As I noted last week, the Republican National Committee would be foolish to pay Donald Trump’s legal bills out of general party fundraising, not just because there are other campaigns and party business that need the money, but because not every prospective RNC donor wants to have money taken out of party coffers and given to Trump’s personal use. The people who do want to support Trump’s personal criminal and civil defense and even help pay off verdicts against him can donate to a more targeted defense fund without getting the RNC involved and, for that matter, without having to comply with campaign finance law restrictions.
Moreover, the party should grasp that donors currently expect party funds to be vulnerable to a raid to pay for Trump’s lawyers. There’s been widespread publicity around this issue. It’s well known that the RNC has given money to Trump previously for this purpose. The new handpicked slate of Trump allies running the party includes his daughter-in-law, who has a direct financial stake in the New York attorney general’s lawsuit against the Trump Organization. So if the party doesn’t plan to hand over donor money to Trump to pay his lawyers and legal verdicts, the only way to convince donors of that is to unambiguously shut the door.
The party has done the opposite. As of Tuesday, Henry Barbour’s proposed resolution to keep party funds from going to Trump legal bills was “dead,” without the votes to even be considered at today’s meeting. The denials thus far have ranged from the vague to the unconvincing. Audrey Fahlberg reports:
In an interview Friday morning, Tennessee’s RNC committeeman Oscar Brock joked that reporters talk about it far more than members do. “I serve on the budget committee and I was talking to the chairman of the Budget Committee, and she told us that it’s not in the budget to do it,” he said. “If they want to change the budget, they’ve got to come back through the normal order of business to do those things.”

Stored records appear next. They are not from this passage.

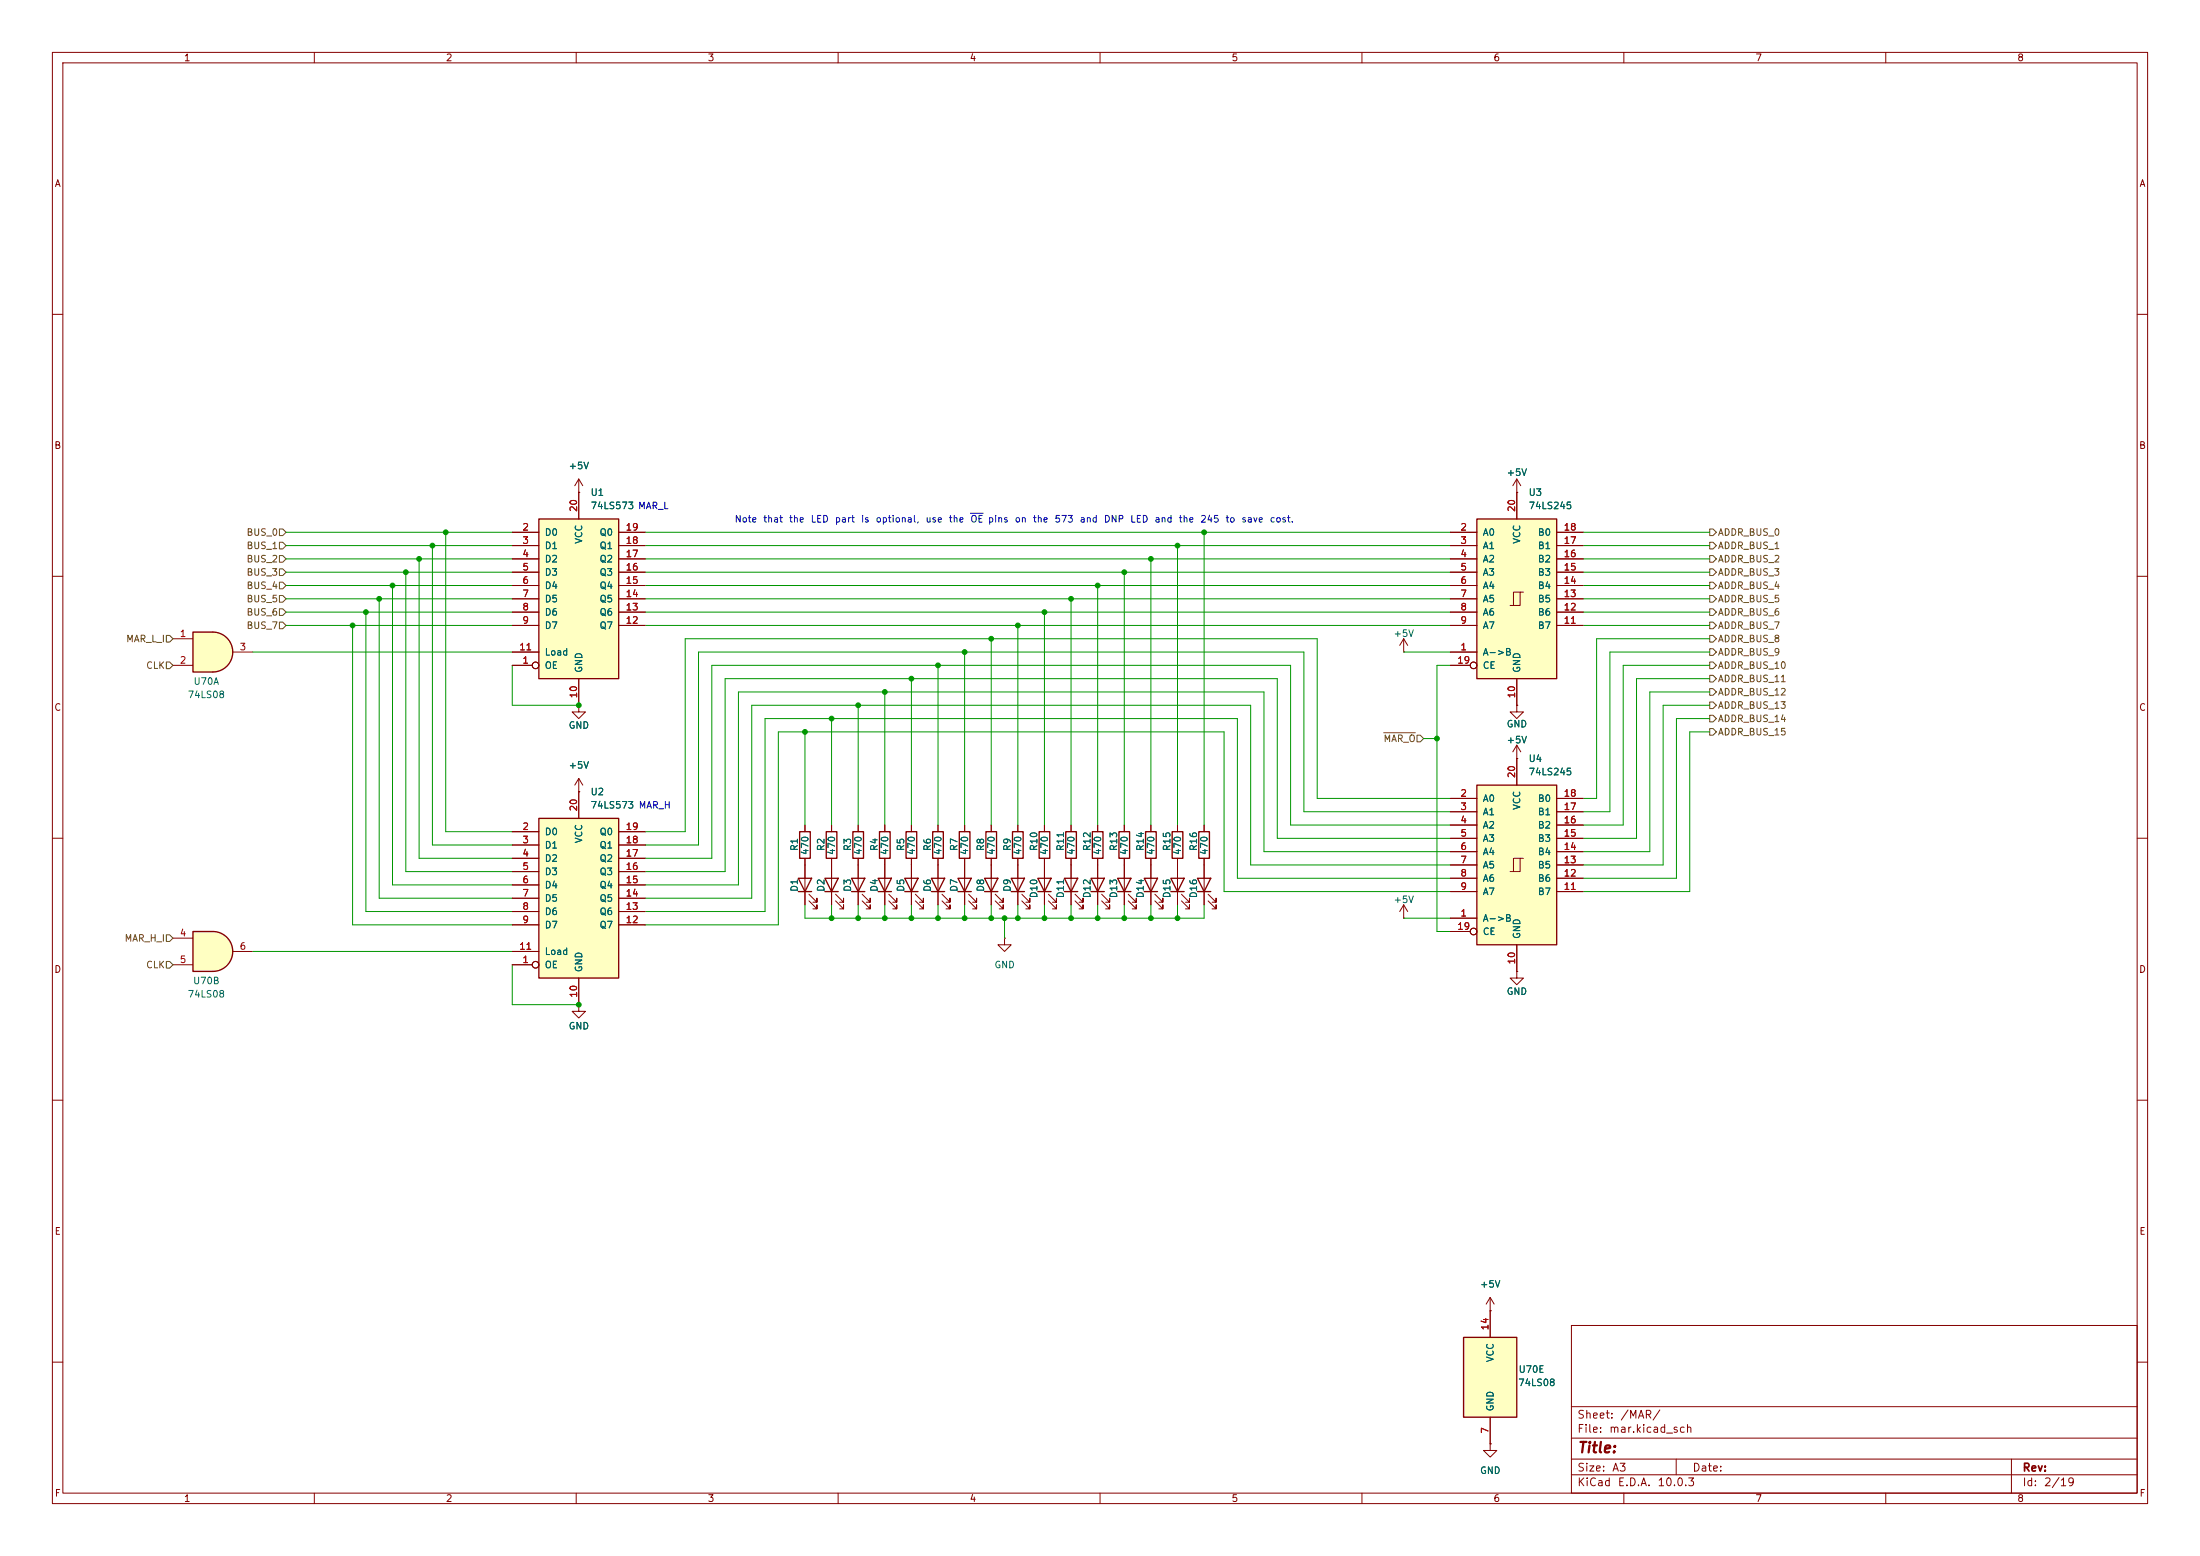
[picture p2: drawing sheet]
<svg xmlns="http://www.w3.org/2000/svg" width="420mm" height="297mm" viewBox="0 0 420 297" stroke-linecap="round" stroke-linejoin="round" font-family="sans-serif">
<g fill="none" stroke="#840000" stroke-width=".19">
<path d="M10 10h400v277h-400zM12 12h396v273h-396zM60 10v2M110 10v2M160 10v2M210 10v2M260 10v2M310 10v2M360 10v2M10 60h2M408 60h2M289.6 94h.1"/>
<path d="M289.6 91.4v2.6M289.6 91.4l-.8 1.3M289.6 91.4l.7 1.3M10 110h2M408 110h2M268 124.5h.1M268 121.9v2.6M268 121.9l-.8 1.3M268 121.9l.7 1.3M289.6 134.6v1.3h1.2l-1.2 1.3-1.3-1.3h1.3M289.6 134.6h.1M10 160h2"/>
<path d="M158.7 157.5v1.3M163.8 157.5v1.3M168.9 157.5v1.3M174 157.5v1.3M184.1 157.5v1.3M199.4 157.5v1.3M204.5 157.5v1.3M219.7 157.5v1.3M224.8 157.5v1.3M229.9 157.5v1.3M289.6 144.8h.1M289.6 142.2l-.8 1.3"/>
<path d="M289.6 142.2l.7 1.3M289.6 142.2v2.6M408 160h2M158.7 163.8v1.3M163.8 163.8v1.3M168.9 163.8v1.3M174 163.8v8.9M174.8 172l1.5 1.5v-.8v.8h-.8M174.8 170.7l1.5 1.5v-.7v.7h-.8M179.1 165.1v7.6M179.8 172l1.6 1.5v-.8v.8h-.8M179.8 170.7l1.6 1.5v-.7v.7h-.8"/>
<path d="M184.1 163.8v1.3M191.8 179.1v1.2h1.2l-1.2 1.3-1.3-1.3h1.3M191.8 179.1h.1M199.4 163.8v8.9M200.2 172l1.5 1.5v-.8v.8h-.8M200.2 170.7l1.5 1.5v-.7v.7h-.8M204.5 163.8v8.9M205.2 172l1.6 1.5v-.8v.8h-.8M205.2 170.7l1.6 1.5v-.7v.7h-.8M214.6 165.1v7.6M215.4 172l1.5 1.5v-.8v.8h-.7M215.4 170.7l1.5 1.5v-.7v.7h-.7"/>
<path d="M219.7 163.8v8.9M220.5 172l1.5 1.5v-.8v.8h-.8M220.5 170.7l1.5 1.5v-.7v.7h-.8M224.8 163.8v8.9M225.6 172l1.5 1.5v-.8v.8h-.8M225.6 170.7l1.5 1.5v-.7v.7h-.8M229.9 163.8v8.9M230.6 172l1.6 1.5v-.8v.8h-.8M230.6 170.7l1.6 1.5v-.7v.7h-.8M268 175.3h.1M268 172.7l-.8 1.3M268 172.7l.7 1.3"/>
<path d="M268 172.7v2.6M10 210h2M408 210h2M300 253h108v32h-108zM10 260h2M300 278.5h108M300 274.5h108M300 268.5h108M320 278.5v3M384 278.5v6.5M408 260h2M60 285v2"/>
<path d="M110 285v2M160 285v2M210 285v2M260 285v2M300 281.5h108M310 285v2M360 285v2"/>
</g>
<g fill="none" stroke="#840000" stroke-width=".25">
<path d="M157.7 158.8h2.1v5h-2.1zM162.8 158.8h2v5h-2zM167.9 158.8h2v5h-2zM173 158.8h2v5h-2zM183.1 158.8h2.1v5h-2.1zM198.4 158.8h2v5h-2zM203.5 158.8h2v5h-2zM218.7 158.8h2v5h-2zM223.8 158.8h2v5h-2zM228.9 158.8h2v5h-2zM172.7 167.6h2.6l-1.3 2.6zM172.7 170.2h2.6"/>
<path d="M177.8 167.6h2.5l-1.2 2.6zM177.8 170.2h2.5M198.1 167.6h2.6l-1.3 2.6zM198.1 170.2h2.6M203.2 167.6h2.5l-1.2 2.6zM203.2 170.2h2.5M213.4 167.6h2.5l-1.3 2.6zM213.4 170.2h2.5M218.4 167.6h2.6l-1.3 2.6zM218.4 170.2h2.6M223.5 167.6h2.6l-1.3 2.6zM223.5 170.2h2.6"/>
<path d="M228.6 167.6h2.5l-1.2 2.6zM228.6 170.2h2.5"/>
</g>
<path d="M281.9 99.1h15.3v30.4h-15.3z" fill="#ffffc2"/>
<g fill="none" stroke="#840000" stroke-width=".19">
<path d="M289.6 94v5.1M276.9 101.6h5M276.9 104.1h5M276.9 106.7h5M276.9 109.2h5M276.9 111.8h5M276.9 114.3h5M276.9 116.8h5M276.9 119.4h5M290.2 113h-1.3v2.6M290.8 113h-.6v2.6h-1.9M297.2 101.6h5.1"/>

S.V. Date at the Huffington Post observes that the denials are already based on falsehoods about what’s been done in the past:
Top Trump campaign aide Chris LaCivita, who is now taking day-to-day control of the RNC’s operations, did not respond to HuffPost’s queries on the matter. He has said in media interviews, including most recently with The Associated Press, that the RNC would not pay for Trump’s legal problems. “The fact of the matter is not a penny of the RNC’s money or, for that matter, the campaign’s money has gone or will go to pay legal fees,” LaCivita said. That assertion, though, is false. In fact, in 2023 alone, Trump spent $54.2 million on legal fees through his various political committees ― all of it raised with the stated purpose of helping Trump and other Republicans win elections, with zero disclaimer that some of the money could be used for his legal fees. And between summer 2021 and autumn 2022, the RNC in fact did spend $1.6 million to pay some of Trump’s legal bills, and only stopped when he officially announced his candidacy for the 2024 nomination.
Donors who don’t want their money used for Trump legal bills have two choices: Trust Trump loyalists operating without any safeguards but their word, or send their money elsewhere. That’s not a very appealing offer when you’re asking people for money they don’t have to give you.